Search the data for the word "Value" and copy every line where it occurs.
Data extracts Start Marker
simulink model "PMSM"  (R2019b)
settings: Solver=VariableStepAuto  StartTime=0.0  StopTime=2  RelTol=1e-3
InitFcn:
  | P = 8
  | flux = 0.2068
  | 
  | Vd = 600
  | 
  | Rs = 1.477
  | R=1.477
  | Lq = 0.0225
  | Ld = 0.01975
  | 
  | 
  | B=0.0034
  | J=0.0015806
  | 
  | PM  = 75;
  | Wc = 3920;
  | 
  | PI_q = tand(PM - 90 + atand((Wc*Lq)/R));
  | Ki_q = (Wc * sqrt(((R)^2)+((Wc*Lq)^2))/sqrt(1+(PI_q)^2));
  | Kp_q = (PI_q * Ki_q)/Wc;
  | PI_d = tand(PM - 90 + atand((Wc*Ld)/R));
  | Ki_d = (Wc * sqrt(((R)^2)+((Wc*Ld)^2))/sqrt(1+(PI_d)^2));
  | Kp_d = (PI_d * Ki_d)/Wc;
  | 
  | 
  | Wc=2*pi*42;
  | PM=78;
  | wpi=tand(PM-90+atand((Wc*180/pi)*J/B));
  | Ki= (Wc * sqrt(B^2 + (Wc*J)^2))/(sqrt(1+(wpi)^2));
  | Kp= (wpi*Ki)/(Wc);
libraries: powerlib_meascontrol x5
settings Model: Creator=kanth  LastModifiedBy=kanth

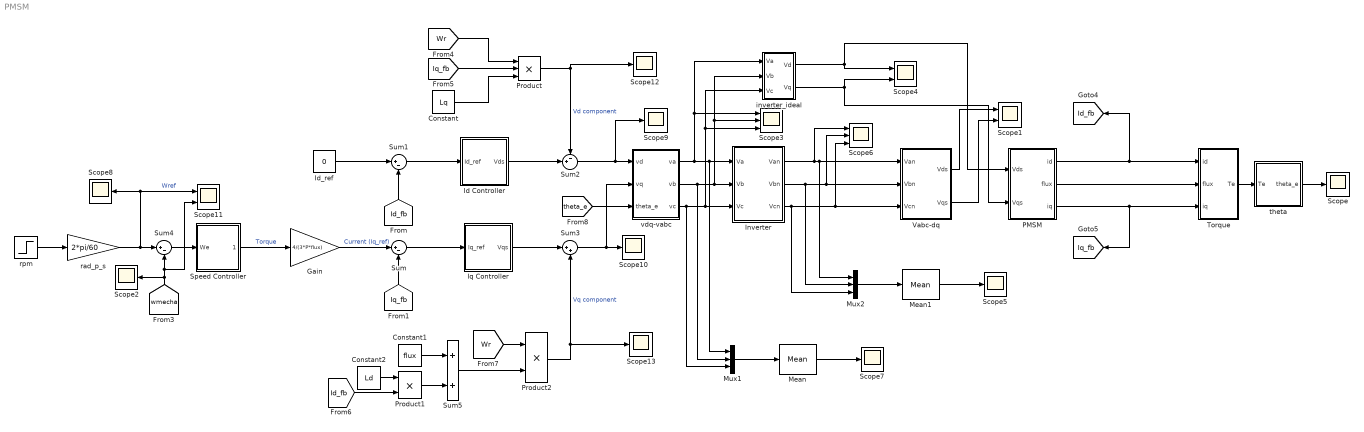
== system PMSM ==
  Constant : Constant  Value=Lq
  Constant1 : Constant  Value=flux
  Constant2 : Constant  Value=Ld
  Gain : Gain  Gain=4/(3*P*flux)
  Id Controller : Subsystem
  Id_ref : Constant  Value=0
  Inverter : Subsystem
  Iq Controller : Subsystem
  Mean : powerlib_meascontrol/Measurements/Mean  Freq=5000  Vinit=0  Ts=0
      settings: SourceProductName=Simscape Electrical
  Mean1 : powerlib_meascontrol/Measurements/Mean  Freq=5000  Vinit=0  Ts=0
      settings: SourceProductName=Simscape Electrical
  Mux1 : Mux  Inputs=3
  Mux2 : Mux  Inputs=3
  PMSM : Subsystem
  Product : Product  Inputs=3
  Product1 : Product
  Product2 : Product
  Scope{,2,5,7..10,12..13} (9 alike) : Scope
  Scope1 : Scope  NumInputPorts=2
  Scope11 : Scope  NumInputPorts=2
  Scope3 : Scope  NumInputPorts=3
  Scope4 : Scope  NumInputPorts=2
  Scope6 : Scope  NumInputPorts=3
  Speed Controller : Subsystem
  Sum : Sum  Inputs=|+-
  Sum1 : Sum  Inputs=|+-
  Sum2 : Sum  Inputs=-+|
  Sum3 : Sum  Inputs=|++
  Sum4 : Sum  Inputs=|+-
  Sum5 : Sum
  Torque : Subsystem
  Vabc-dq : Subsystem
  inverter_ideal : Subsystem
  rad_p_s : Gain  Gain=2*pi/60
  rpm : Step  Time=1.5  Before=1000  After=-1000  SampleTime=0
  theta : Subsystem
  vdq-vabc : Subsystem
  tag scope: Id_fb=global, Iq_fb=global
  wires:
  Sum/1 -> Iq Controller/1(Iq_ref)
  Sum1/1 -> Id Controller/1(Id_ref)
  Iq Controller/1(Vqs) -> Sum3/1
  Sum2/1 -> Scope9/1, vdq-vabc/1(vd)
  Sum3/1 -> Scope10/1, vdq-vabc/2(vq)
  [Id_fb] -> Sum1/2
  [Iq_fb] -> Sum/2
  Id_ref/1 -> Sum1/1
  rad_p_s/1 -> Scope11/1, Scope8/1, Sum4/1  "Wref"
  [wmecha] -> Scope11/2, Sum4/2, Scope2/1
  [Iq_fb] -> Product/2
  [Wr] -> Product/1
  Constant/1 -> Product/3
  Product/1 -> Scope12/1, Sum2/1  "Vd component"
  Id Controller/1(Vds) -> Sum2/2
  Constant1/1 -> Sum5/1
  Constant2/1 -> Product1/1
  [Id_fb] -> Product1/2
  Product1/1 -> Sum5/2
  Sum5/1 -> Product2/2
  [Wr] -> Product2/1
  [theta_e] -> vdq-vabc/3(theta_e)
  Product2/1 -> Scope13/1, Sum3/2  "Vq component"
  rpm/1 -> rad_p_s/1
  Inverter/1(Van) -> Scope6/1, Mux2/1, Vabc-dq/1(Van)
  Inverter/2(Vbn) -> Mux2/2, Scope6/2, Vabc-dq/2(Vbn)
  Inverter/3(Vcn) -> Mux2/3, Scope6/3, Vabc-dq/3(Vcn)
  PMSM/1(id) -> Torque/1(id), [Id_fb]
  PMSM/3(iq) -> [Iq_fb], Torque/3(iq)
  PMSM/2(flux) -> Torque/2(flux)
  Torque/1(Te) -> theta/1(Te)
  theta/1(theta_e) -> Scope/1
  Speed Controller/1(Torque) -> Gain/1  "Torque"
  inverter_ideal/1(Vd) -> PMSM/1(Vds), Scope4/1
  inverter_ideal/2(Vq) -> PMSM/2(Vqs), Scope4/2
  Mean/1 -> Scope7/1
  Mux1/1 -> Mean/1
  vdq-vabc/3(vc) -> Mux1/3, Scope3/3, inverter_ideal/3(Vc), Inverter/3(Vc)
  vdq-vabc/2(vb) -> Mux1/2, Scope3/2, inverter_ideal/2(Vb), Inverter/2(Vb)
  vdq-vabc/1(va) -> Mux1/1, Inverter/1(Va), Scope3/1, inverter_ideal/1(Va)
  Mux2/1 -> Mean1/1
  Mean1/1 -> Scope5/1
  Sum4/1 -> Speed Controller/1(We)
  Gain/1 -> Sum/1  "Current (Iq_ref)"
  Vabc-dq/1(Vds) -> Scope1/1
  Vabc-dq/2(Vqs) -> Scope1/2

== system PMSM/Id Controller ==
  Id_ref : Inport
  "  1" : Gain  Gain=Ki_d
  " 1" : Gain  Gain=Kp_d
  Integrator1 : Integrator  LimitOutput=on  UpperSaturationLimit=220  LowerSaturationLimit=-220
  Saturation1 : Saturate  UpperLimit=240  LowerLimit=-240
  Sum5 : Sum  Inputs=|++
  Vds : Outport
  wires:
  "  1"/1 -> Integrator1/1
  Id_ref/1 -> " 1"/1, "  1"/1
  Integrator1/1 -> Sum5/2
  Sum5/1 -> Saturation1/1
  Saturation1/1 -> Vds/1
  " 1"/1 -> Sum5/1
Data extracts End Marker
Response –
  Constant : Constant  Value=Lq
  Constant1 : Constant  Value=flux
  Constant2 : Constant  Value=Ld
  Id_ref : Constant  Value=0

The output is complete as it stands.